# WORK TO COMPLETE:
Exactly the lines below from the one with "#59=EDGE_CURVE('E297',#50,#58,#56,.T.);" up to and including the one with "#72=LINE('',#71,#70);" make up the answer, with nothing else added.

# DATA EXTRACT:
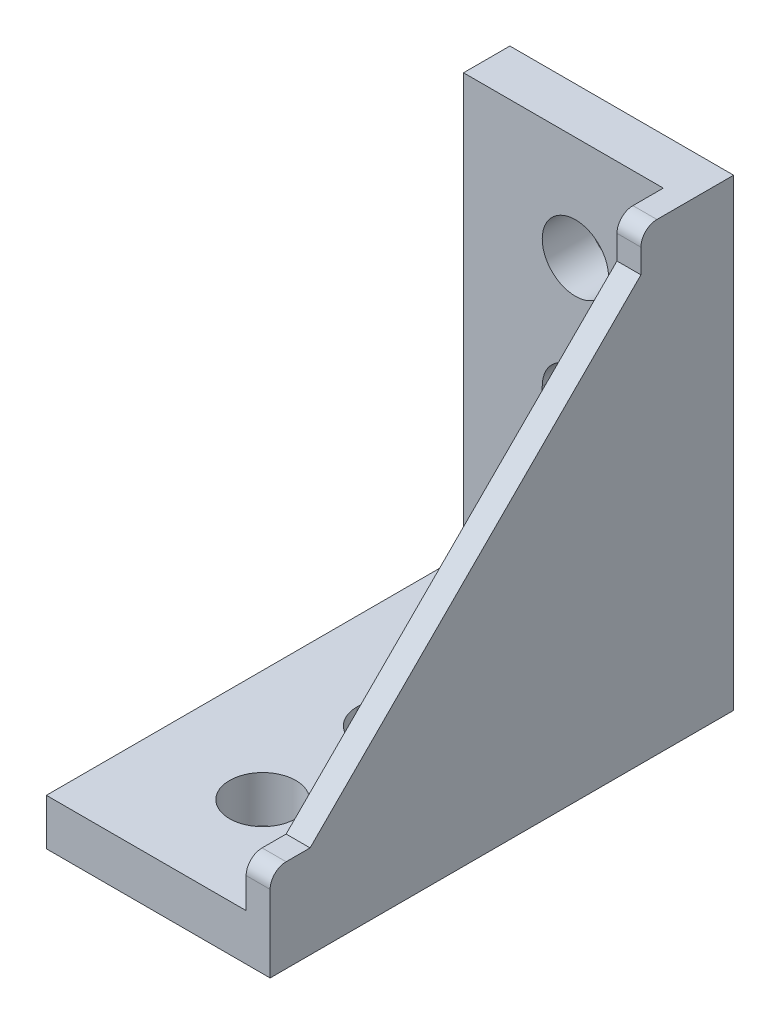
ISO-10303-21;
HEADER;
FILE_DESCRIPTION(('STEP AP214'),'2;1');
FILE_NAME('part.step','',(''),(''),'','','');
FILE_SCHEMA(('AUTOMOTIVE_DESIGN { 1 0 10303 214 1 1 1 1 }'));
ENDSEC;
DATA;
#1=APPLICATION_CONTEXT('core data for automotive mechanical design processes');
#2=APPLICATION_PROTOCOL_DEFINITION('international standard','automotive_design',2000,#1);
#3=PRODUCT_CONTEXT('',#1,'mechanical');
#4=PRODUCT('Part','Part','',(#3));
#5=PRODUCT_RELATED_PRODUCT_CATEGORY('part','',(#4));
#6=PRODUCT_DEFINITION_FORMATION('','',#4);
#7=PRODUCT_DEFINITION_CONTEXT('part definition',#1,'design');
#8=PRODUCT_DEFINITION('design','',#6,#7);
#9=PRODUCT_DEFINITION_SHAPE('','',#8);
#10=(LENGTH_UNIT() NAMED_UNIT(*) SI_UNIT(.MILLI.,.METRE.));
#11=(NAMED_UNIT(*) PLANE_ANGLE_UNIT() SI_UNIT($,.RADIAN.));
#12=(NAMED_UNIT(*) SI_UNIT($,.STERADIAN.) SOLID_ANGLE_UNIT());
#13=UNCERTAINTY_MEASURE_WITH_UNIT(LENGTH_MEASURE(1.E-05),#10,'distance_accuracy_value','');
#14=(GEOMETRIC_REPRESENTATION_CONTEXT(3) GLOBAL_UNCERTAINTY_ASSIGNED_CONTEXT((#13)) GLOBAL_UNIT_ASSIGNED_CONTEXT((#10,
#11,#12)) REPRESENTATION_CONTEXT('',''));
#15=CARTESIAN_POINT('',(0.,0.,0.));
#16=DIRECTION('',(0.,0.,1.));
#17=DIRECTION('',(1.,0.,0.));
#18=AXIS2_PLACEMENT_3D('',#15,#16,#17);
#19=CARTESIAN_POINT('',(14.,-29.,5.8));
#20=DIRECTION('',(0.,0.,1.));
#21=DIRECTION('',(1.,0.,0.));
#22=AXIS2_PLACEMENT_3D('',#19,#20,#21);
#23=PLANE('',#22);
#24=CARTESIAN_POINT('',(0.,15.929446332219,5.80000000000009));
#25=DIRECTION('',(0.,0.,-1.));
#26=DIRECTION('',(-1.,0.,0.));
#27=AXIS2_PLACEMENT_3D('',#24,#25,#26);
#28=CIRCLE('',#27,4.15);
#29=CARTESIAN_POINT('',(-4.15000000000002,15.929446332219,5.80000000000009));
#30=VERTEX_POINT('',#29);
#31=EDGE_CURVE('E201',#30,#30,#28,.T.);
#32=ORIENTED_EDGE('',*,*,#31,.T.);
#33=EDGE_LOOP('',(#32));
#34=FACE_BOUND('',#33,.T.);
#35=DIRECTION('',(0.,1.,0.));
#36=VECTOR('',#35,1.);
#37=CARTESIAN_POINT('',(11.,29.,5.8));
#38=LINE('',#37,#36);
#39=CARTESIAN_POINT('',(11.,-23.2,5.8));
#40=VERTEX_POINT('',#39);
#41=CARTESIAN_POINT('',(11.,29.,5.8));
#42=VERTEX_POINT('',#41);
#43=EDGE_CURVE('E249',#40,#42,#38,.T.);
#44=ORIENTED_EDGE('',*,*,#43,.T.);
#45=DIRECTION('',(-1.,0.,0.));
#46=VECTOR('',#45,1.);
#47=CARTESIAN_POINT('',(-14.,29.,5.8));
#48=LINE('',#47,#46);
#49=CARTESIAN_POINT('',(-14.,29.,5.8));
#50=VERTEX_POINT('',#49);
#51=EDGE_CURVE('E295',#42,#50,#48,.T.);
#52=ORIENTED_EDGE('',*,*,#51,.T.);
#53=DIRECTION('',(0.,-1.,0.));
#54=VECTOR('',#53,1.);
#55=CARTESIAN_POINT('',(-14.,29.,5.8));
#56=LINE('',#55,#54);
#57=CARTESIAN_POINT('',(-14.,-23.2,5.80000000000001));
#58=VERTEX_POINT('',#57);
#59=EDGE_CURVE('E297',#50,#58,#56,.T.);
#60=ORIENTED_EDGE('',*,*,#59,.T.);
#61=DIRECTION('',(-1.,0.,0.));
#62=VECTOR('',#61,1.);
#63=CARTESIAN_POINT('',(14.,-23.2,5.8));
#64=LINE('',#63,#62);
#65=EDGE_CURVE('E292',#40,#58,#64,.T.);
#66=ORIENTED_EDGE('',*,*,#65,.F.);
#67=EDGE_LOOP('',(#44,#52,#60,#66));
#68=FACE_BOUND('',#67,.T.);
#69=DIRECTION('',(0.,-1.,0.));
#70=VECTOR('',#69,1.);
#71=CARTESIAN_POINT('',(4.14999999999999,-11.7296029454166,5.80000000000003));
#72=LINE('',#71,#70);
#73=CARTESIAN_POINT('',(4.14999999999999,-0.0296029454166166,5.80000000000005));
#74=VERTEX_POINT('',#73);
#75=CARTESIAN_POINT('',(4.14999999999999,-11.7296029454166,5.8));
#76=VERTEX_POINT('',#75);
#77=EDGE_CURVE('E195',#74,#76,#72,.T.);
#78=ORIENTED_EDGE('',*,*,#77,.T.);
#79=CARTESIAN_POINT('',(0.,-11.7296029454166,5.80000000000003));
#80=DIRECTION('',(0.,0.,-1.));
#81=DIRECTION('',(-1.,0.,0.));
#82=AXIS2_PLACEMENT_3D('',#79,#80,#81);
#83=CIRCLE('',#82,4.15);
#84=CARTESIAN_POINT('',(-4.15000000000001,-11.7296029454166,5.80000000000003));
#85=VERTEX_POINT('',#84);
#86=EDGE_CURVE('E49',#76,#85,#83,.T.);
#87=ORIENTED_EDGE('',*,*,#86,.T.);
#88=DIRECTION('',(0.,1.,0.));
#89=VECTOR('',#88,1.);
#90=CARTESIAN_POINT('',(-4.15000000000001,-11.7296029454166,5.80000000000003));
#91=LINE('',#90,#89);
#92=CARTESIAN_POINT('',(-4.15000000000001,-0.0296029454166166,5.80000000000005));
#93=VERTEX_POINT('',#92);
#94=EDGE_CURVE('E186',#85,#93,#91,.T.);
#95=ORIENTED_EDGE('',*,*,#94,.T.);
#96=CARTESIAN_POINT('',(0.,-0.0296029454166166,5.80000000000005));
#97=DIRECTION('',(0.,0.,-1.));
#98=DIRECTION('',(-1.,0.,0.));
#99=AXIS2_PLACEMENT_3D('',#96,#97,#98);
#100=CIRCLE('',#99,4.15);
#101=EDGE_CURVE('E189',#93,#74,#100,.T.);
#102=ORIENTED_EDGE('',*,*,#101,.T.);
#103=EDGE_LOOP('',(#78,#87,#95,#102));
#104=FACE_BOUND('',#103,.T.);
#105=ADVANCED_FACE('F34',(#34,#68,#104),#23,.T.);
#106=CARTESIAN_POINT('',(14.,-29.,0.));
#107=DIRECTION('',(0.,0.,1.));
#108=DIRECTION('',(1.,0.,0.));
#109=AXIS2_PLACEMENT_3D('',#106,#107,#108);
#110=PLANE('',#109);
#111=CARTESIAN_POINT('',(0.,15.929446332219,0.));
#112=DIRECTION('',(0.,0.,-1.));
#113=DIRECTION('',(-1.,0.,0.));
#114=AXIS2_PLACEMENT_3D('',#111,#112,#113);
#115=CIRCLE('',#114,4.15);
#116=CARTESIAN_POINT('',(-4.15000000000002,15.929446332219,0.));
#117=VERTEX_POINT('',#116);
#118=EDGE_CURVE('E205',#117,#117,#115,.T.);
#119=ORIENTED_EDGE('',*,*,#118,.F.);
#120=EDGE_LOOP('',(#119));
#121=FACE_BOUND('',#120,.T.);
#122=DIRECTION('',(-1.,0.,0.));
#123=VECTOR('',#122,1.);
#124=CARTESIAN_POINT('',(-14.,29.,0.));
#125=LINE('',#124,#123);
#126=CARTESIAN_POINT('',(14.,29.,0.));
#127=VERTEX_POINT('',#126);
#128=CARTESIAN_POINT('',(-14.,29.,0.));
#129=VERTEX_POINT('',#128);
#130=EDGE_CURVE('E304',#127,#129,#125,.T.);
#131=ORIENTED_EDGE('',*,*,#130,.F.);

# SOLVED EXERCISE:
#59=EDGE_CURVE('E297',#50,#58,#56,.T.);
#60=ORIENTED_EDGE('',*,*,#59,.T.);
#61=DIRECTION('',(-1.,0.,0.));
#62=VECTOR('',#61,1.);
#63=CARTESIAN_POINT('',(14.,-23.2,5.8));
#64=LINE('',#63,#62);
#65=EDGE_CURVE('E292',#40,#58,#64,.T.);
#66=ORIENTED_EDGE('',*,*,#65,.F.);
#67=EDGE_LOOP('',(#44,#52,#60,#66));
#68=FACE_BOUND('',#67,.T.);
#69=DIRECTION('',(0.,-1.,0.));
#70=VECTOR('',#69,1.);
#71=CARTESIAN_POINT('',(4.14999999999999,-11.7296029454166,5.80000000000003));
#72=LINE('',#71,#70);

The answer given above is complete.